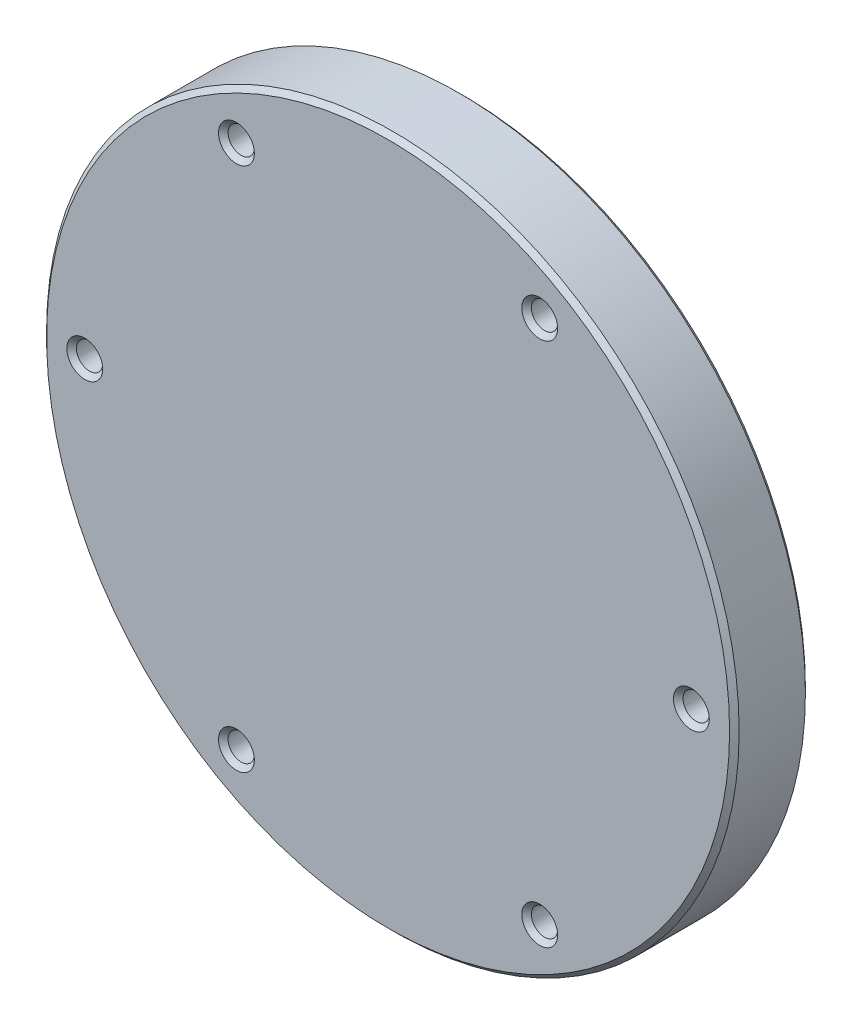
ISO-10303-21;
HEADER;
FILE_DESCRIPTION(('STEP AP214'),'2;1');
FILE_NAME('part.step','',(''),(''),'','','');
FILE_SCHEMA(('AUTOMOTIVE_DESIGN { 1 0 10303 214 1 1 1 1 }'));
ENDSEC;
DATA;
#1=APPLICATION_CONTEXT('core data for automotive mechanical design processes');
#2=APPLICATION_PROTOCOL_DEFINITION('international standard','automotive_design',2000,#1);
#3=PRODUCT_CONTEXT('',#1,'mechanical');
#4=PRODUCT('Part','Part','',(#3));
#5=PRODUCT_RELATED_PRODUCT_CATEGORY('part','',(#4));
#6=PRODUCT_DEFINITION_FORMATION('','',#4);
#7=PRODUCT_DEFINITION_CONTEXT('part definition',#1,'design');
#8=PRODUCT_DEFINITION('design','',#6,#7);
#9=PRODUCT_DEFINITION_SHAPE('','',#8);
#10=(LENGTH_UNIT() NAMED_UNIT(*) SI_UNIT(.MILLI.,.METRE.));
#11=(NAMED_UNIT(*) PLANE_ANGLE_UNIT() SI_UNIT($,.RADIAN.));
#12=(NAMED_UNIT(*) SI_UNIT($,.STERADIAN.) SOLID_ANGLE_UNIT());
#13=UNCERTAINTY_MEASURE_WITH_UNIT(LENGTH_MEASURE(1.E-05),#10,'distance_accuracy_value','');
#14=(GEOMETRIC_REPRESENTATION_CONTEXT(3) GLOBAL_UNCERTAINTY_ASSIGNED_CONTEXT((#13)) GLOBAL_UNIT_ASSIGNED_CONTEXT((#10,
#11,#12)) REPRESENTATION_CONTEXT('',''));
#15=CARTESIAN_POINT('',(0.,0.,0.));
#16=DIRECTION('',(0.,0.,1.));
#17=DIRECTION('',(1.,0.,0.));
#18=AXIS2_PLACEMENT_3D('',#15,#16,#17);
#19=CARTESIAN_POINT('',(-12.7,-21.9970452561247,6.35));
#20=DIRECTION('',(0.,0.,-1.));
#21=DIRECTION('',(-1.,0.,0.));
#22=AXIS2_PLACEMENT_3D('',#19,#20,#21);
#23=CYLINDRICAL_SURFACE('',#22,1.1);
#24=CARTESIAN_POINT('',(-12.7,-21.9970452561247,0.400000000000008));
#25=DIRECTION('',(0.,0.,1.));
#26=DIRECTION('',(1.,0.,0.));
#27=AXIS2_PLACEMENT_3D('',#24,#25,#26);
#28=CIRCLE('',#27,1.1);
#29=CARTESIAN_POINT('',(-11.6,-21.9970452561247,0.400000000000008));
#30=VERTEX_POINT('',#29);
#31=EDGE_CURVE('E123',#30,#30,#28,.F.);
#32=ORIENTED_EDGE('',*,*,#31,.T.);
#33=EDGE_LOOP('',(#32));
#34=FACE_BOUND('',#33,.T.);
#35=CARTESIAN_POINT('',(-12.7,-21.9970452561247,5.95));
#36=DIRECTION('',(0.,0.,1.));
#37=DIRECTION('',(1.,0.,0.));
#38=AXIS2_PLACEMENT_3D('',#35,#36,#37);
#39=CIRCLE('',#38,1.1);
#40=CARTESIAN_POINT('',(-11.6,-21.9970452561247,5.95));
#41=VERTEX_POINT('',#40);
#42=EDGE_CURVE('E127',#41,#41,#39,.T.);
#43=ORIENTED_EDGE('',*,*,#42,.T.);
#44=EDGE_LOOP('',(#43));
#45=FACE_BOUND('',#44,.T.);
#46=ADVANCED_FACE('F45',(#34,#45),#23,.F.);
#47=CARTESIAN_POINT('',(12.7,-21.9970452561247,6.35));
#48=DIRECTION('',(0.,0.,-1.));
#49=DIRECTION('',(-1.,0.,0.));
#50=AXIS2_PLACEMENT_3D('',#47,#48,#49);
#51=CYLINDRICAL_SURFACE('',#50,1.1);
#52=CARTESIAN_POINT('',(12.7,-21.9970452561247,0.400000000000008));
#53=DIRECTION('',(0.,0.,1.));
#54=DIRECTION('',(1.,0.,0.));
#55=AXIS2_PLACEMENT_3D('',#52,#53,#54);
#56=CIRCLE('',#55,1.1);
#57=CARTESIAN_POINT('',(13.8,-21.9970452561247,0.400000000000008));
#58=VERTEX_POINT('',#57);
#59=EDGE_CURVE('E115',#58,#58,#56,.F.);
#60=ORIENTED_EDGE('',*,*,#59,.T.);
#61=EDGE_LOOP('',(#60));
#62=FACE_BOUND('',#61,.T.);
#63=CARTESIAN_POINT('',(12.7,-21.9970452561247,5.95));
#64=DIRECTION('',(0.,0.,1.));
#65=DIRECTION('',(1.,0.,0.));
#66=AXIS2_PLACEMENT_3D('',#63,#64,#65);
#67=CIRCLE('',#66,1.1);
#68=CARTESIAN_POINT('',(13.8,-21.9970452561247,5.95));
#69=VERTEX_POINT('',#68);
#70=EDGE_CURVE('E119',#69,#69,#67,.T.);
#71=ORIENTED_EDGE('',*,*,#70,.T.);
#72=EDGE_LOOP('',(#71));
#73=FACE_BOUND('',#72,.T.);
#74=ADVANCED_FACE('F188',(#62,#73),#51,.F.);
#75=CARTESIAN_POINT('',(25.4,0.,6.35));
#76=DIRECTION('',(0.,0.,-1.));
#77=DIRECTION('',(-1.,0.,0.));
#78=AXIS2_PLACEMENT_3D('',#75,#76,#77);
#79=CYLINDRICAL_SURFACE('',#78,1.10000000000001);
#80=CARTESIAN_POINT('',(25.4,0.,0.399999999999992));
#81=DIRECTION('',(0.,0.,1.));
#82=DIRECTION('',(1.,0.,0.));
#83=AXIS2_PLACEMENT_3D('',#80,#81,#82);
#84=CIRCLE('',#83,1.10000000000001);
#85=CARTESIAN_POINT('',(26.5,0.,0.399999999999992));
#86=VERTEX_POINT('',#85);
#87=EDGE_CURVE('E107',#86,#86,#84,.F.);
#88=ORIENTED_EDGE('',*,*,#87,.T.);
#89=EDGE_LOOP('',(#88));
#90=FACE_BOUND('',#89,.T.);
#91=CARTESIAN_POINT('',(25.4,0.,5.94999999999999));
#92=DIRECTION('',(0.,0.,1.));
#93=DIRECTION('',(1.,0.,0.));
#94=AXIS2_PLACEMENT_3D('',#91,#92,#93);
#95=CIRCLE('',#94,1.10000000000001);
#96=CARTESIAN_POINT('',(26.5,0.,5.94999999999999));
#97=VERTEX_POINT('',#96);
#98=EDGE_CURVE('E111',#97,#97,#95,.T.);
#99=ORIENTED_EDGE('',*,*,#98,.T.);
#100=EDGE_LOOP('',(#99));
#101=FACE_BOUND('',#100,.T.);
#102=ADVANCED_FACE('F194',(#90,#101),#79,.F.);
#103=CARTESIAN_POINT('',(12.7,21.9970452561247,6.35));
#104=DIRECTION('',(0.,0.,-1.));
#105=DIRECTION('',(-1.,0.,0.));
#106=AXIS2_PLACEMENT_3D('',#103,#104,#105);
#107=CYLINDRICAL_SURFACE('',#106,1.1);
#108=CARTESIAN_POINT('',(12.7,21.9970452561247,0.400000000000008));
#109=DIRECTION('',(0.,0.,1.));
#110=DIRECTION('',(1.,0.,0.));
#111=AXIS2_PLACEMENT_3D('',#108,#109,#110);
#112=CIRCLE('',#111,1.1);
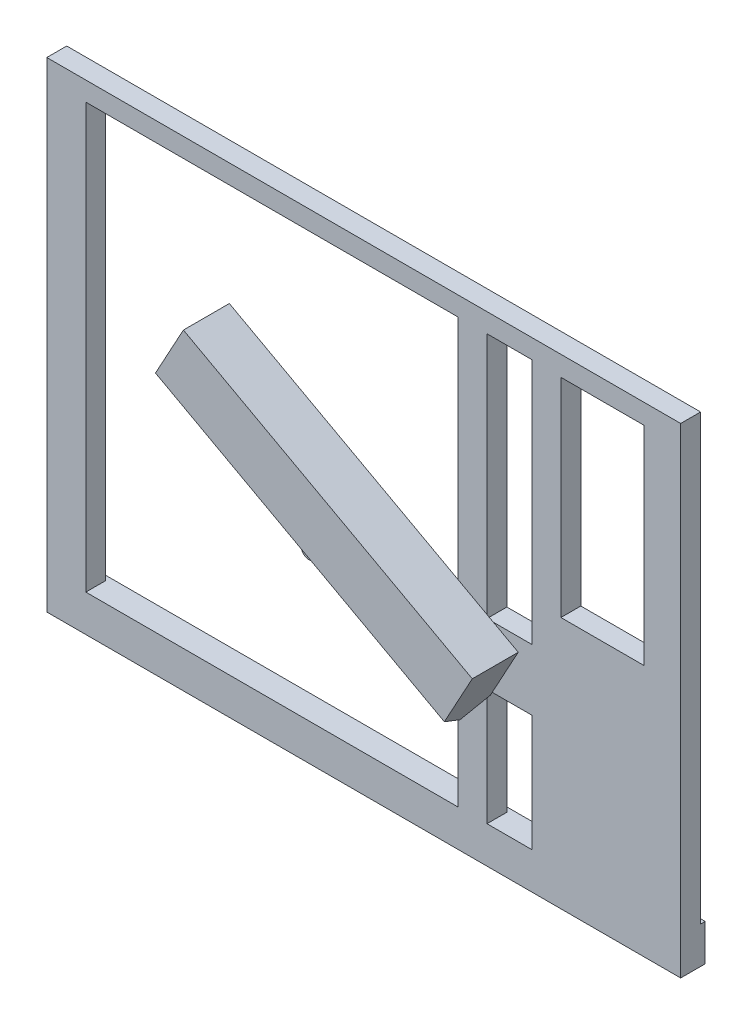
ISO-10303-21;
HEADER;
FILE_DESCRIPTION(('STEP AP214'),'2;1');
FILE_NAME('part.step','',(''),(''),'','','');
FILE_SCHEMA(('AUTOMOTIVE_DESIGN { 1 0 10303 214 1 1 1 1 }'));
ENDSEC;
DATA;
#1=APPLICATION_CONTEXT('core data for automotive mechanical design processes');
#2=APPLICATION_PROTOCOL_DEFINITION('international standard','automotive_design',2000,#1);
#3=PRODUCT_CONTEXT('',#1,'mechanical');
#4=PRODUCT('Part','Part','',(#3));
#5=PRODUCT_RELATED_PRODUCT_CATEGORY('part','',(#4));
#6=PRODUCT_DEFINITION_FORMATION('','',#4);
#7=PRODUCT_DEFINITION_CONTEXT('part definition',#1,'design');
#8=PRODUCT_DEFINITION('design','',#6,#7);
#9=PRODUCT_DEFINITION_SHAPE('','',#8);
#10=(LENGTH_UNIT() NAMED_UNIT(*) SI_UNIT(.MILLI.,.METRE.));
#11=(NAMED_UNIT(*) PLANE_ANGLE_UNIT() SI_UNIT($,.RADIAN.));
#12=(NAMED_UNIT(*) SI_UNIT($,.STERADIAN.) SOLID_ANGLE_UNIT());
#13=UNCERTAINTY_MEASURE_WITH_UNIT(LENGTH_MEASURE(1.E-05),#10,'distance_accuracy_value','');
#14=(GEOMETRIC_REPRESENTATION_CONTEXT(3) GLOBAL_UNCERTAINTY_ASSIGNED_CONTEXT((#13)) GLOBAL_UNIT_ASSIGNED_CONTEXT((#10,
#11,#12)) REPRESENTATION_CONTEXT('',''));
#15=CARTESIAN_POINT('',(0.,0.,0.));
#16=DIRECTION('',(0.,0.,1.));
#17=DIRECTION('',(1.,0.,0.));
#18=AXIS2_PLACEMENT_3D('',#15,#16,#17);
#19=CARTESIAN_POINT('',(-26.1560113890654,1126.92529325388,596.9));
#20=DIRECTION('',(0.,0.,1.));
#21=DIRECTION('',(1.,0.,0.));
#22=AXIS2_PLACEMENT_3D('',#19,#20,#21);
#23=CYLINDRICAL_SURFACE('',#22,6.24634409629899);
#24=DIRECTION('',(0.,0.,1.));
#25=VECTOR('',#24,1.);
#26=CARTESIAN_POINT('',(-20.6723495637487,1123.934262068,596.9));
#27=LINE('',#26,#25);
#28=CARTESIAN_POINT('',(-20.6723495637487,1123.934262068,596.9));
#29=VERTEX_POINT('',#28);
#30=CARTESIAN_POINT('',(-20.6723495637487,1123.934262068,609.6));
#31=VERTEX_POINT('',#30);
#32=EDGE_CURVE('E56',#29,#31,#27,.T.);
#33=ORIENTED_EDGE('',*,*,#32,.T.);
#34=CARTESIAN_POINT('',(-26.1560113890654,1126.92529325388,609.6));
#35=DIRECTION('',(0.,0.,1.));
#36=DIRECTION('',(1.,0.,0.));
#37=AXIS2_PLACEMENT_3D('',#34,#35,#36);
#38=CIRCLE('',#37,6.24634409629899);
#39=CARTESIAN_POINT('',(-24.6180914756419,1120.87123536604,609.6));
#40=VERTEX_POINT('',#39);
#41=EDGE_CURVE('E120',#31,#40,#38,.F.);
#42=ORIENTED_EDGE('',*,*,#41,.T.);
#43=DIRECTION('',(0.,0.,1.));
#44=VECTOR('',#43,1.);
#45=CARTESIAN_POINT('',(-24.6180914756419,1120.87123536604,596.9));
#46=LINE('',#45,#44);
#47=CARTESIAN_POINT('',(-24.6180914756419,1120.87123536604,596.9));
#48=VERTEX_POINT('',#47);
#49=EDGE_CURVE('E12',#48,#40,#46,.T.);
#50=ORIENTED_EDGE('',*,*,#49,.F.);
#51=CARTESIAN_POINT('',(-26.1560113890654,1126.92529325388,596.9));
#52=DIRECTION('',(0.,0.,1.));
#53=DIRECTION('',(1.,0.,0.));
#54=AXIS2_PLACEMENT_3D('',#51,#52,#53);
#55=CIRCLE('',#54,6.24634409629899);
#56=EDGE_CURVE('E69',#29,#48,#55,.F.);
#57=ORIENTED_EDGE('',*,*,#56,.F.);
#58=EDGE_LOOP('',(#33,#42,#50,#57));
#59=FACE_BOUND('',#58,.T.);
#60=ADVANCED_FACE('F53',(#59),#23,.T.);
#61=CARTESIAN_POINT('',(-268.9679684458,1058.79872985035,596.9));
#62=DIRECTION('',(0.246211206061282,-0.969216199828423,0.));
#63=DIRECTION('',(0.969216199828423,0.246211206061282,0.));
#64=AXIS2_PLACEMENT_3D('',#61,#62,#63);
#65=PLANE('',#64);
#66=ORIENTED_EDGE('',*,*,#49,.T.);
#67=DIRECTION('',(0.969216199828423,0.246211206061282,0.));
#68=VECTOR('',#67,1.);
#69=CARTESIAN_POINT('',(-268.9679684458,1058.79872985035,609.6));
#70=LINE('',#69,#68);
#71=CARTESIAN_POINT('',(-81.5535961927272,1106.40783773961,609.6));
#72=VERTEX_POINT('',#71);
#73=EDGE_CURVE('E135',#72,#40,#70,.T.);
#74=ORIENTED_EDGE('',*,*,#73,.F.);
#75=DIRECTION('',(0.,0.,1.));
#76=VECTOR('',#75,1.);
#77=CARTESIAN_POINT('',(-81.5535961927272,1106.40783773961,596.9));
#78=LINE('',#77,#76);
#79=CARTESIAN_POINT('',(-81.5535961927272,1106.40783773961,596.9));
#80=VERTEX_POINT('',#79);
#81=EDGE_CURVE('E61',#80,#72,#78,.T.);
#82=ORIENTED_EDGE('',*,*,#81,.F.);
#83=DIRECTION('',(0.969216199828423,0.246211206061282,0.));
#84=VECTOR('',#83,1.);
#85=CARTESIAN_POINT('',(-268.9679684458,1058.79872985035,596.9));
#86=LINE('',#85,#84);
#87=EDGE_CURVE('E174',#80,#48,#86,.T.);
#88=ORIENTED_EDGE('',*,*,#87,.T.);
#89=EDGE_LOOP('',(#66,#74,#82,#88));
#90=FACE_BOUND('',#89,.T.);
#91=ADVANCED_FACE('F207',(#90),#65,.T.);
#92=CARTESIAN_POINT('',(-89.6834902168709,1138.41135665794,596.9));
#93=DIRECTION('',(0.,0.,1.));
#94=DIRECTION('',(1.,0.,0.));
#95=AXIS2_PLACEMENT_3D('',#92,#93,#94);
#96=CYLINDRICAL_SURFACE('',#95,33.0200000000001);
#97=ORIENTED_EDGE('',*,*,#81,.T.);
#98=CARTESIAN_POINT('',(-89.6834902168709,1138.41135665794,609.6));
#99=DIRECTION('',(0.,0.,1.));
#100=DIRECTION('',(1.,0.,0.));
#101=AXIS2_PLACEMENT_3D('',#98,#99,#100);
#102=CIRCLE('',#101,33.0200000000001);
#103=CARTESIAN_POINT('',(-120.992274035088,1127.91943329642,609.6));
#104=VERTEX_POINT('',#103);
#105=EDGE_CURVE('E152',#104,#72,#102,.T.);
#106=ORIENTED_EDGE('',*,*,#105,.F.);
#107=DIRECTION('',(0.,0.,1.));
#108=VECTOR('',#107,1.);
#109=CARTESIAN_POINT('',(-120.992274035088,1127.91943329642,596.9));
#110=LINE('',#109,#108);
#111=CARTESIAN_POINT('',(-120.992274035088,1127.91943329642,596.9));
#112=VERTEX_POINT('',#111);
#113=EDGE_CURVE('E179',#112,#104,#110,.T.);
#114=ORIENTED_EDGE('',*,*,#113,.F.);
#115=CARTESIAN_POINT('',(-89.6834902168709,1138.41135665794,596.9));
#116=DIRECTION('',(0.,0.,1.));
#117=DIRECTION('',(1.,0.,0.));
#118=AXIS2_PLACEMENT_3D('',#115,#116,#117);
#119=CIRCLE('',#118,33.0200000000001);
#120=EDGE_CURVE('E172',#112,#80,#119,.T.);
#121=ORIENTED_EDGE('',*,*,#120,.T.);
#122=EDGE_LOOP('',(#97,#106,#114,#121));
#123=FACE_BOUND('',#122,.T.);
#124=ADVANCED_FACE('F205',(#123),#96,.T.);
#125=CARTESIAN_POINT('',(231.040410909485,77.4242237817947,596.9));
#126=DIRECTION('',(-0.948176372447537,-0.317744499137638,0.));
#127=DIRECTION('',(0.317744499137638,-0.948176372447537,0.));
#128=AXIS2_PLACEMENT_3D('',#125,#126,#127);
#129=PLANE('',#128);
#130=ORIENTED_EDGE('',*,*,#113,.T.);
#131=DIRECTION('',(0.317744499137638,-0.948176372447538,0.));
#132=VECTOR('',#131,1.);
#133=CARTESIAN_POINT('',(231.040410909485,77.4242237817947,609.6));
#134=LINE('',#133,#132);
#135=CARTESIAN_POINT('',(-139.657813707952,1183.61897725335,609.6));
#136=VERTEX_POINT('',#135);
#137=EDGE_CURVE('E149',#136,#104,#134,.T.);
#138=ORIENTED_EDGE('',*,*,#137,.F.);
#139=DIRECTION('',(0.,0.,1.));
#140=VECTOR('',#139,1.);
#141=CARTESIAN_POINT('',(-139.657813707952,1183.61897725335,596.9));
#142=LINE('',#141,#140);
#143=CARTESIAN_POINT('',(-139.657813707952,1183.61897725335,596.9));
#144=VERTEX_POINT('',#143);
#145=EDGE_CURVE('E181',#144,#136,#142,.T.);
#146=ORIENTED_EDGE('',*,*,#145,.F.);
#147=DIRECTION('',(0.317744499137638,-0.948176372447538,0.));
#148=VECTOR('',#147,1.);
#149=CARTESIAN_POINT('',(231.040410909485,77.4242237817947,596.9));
____
**WORK TO BE COMPLETED**
The response must hold only the lines above from the line with "#64=DIRECTION('',(0.,0.,1.));" through the line with "#80=CARTESIAN_POINT('',(25.4,0.,0.399999999999992));", each copied exactly, both ends kept.

**FINAL ANSWER**
#64=DIRECTION('',(0.,0.,1.));
#65=DIRECTION('',(1.,0.,0.));
#66=AXIS2_PLACEMENT_3D('',#63,#64,#65);
#67=CIRCLE('',#66,1.1);
#68=CARTESIAN_POINT('',(13.8,-21.9970452561247,5.95));
#69=VERTEX_POINT('',#68);
#70=EDGE_CURVE('E119',#69,#69,#67,.T.);
#71=ORIENTED_EDGE('',*,*,#70,.T.);
#72=EDGE_LOOP('',(#71));
#73=FACE_BOUND('',#72,.T.);
#74=ADVANCED_FACE('F188',(#62,#73),#51,.F.);
#75=CARTESIAN_POINT('',(25.4,0.,6.35));
#76=DIRECTION('',(0.,0.,-1.));
#77=DIRECTION('',(-1.,0.,0.));
#78=AXIS2_PLACEMENT_3D('',#75,#76,#77);
#79=CYLINDRICAL_SURFACE('',#78,1.10000000000001);
#80=CARTESIAN_POINT('',(25.4,0.,0.399999999999992));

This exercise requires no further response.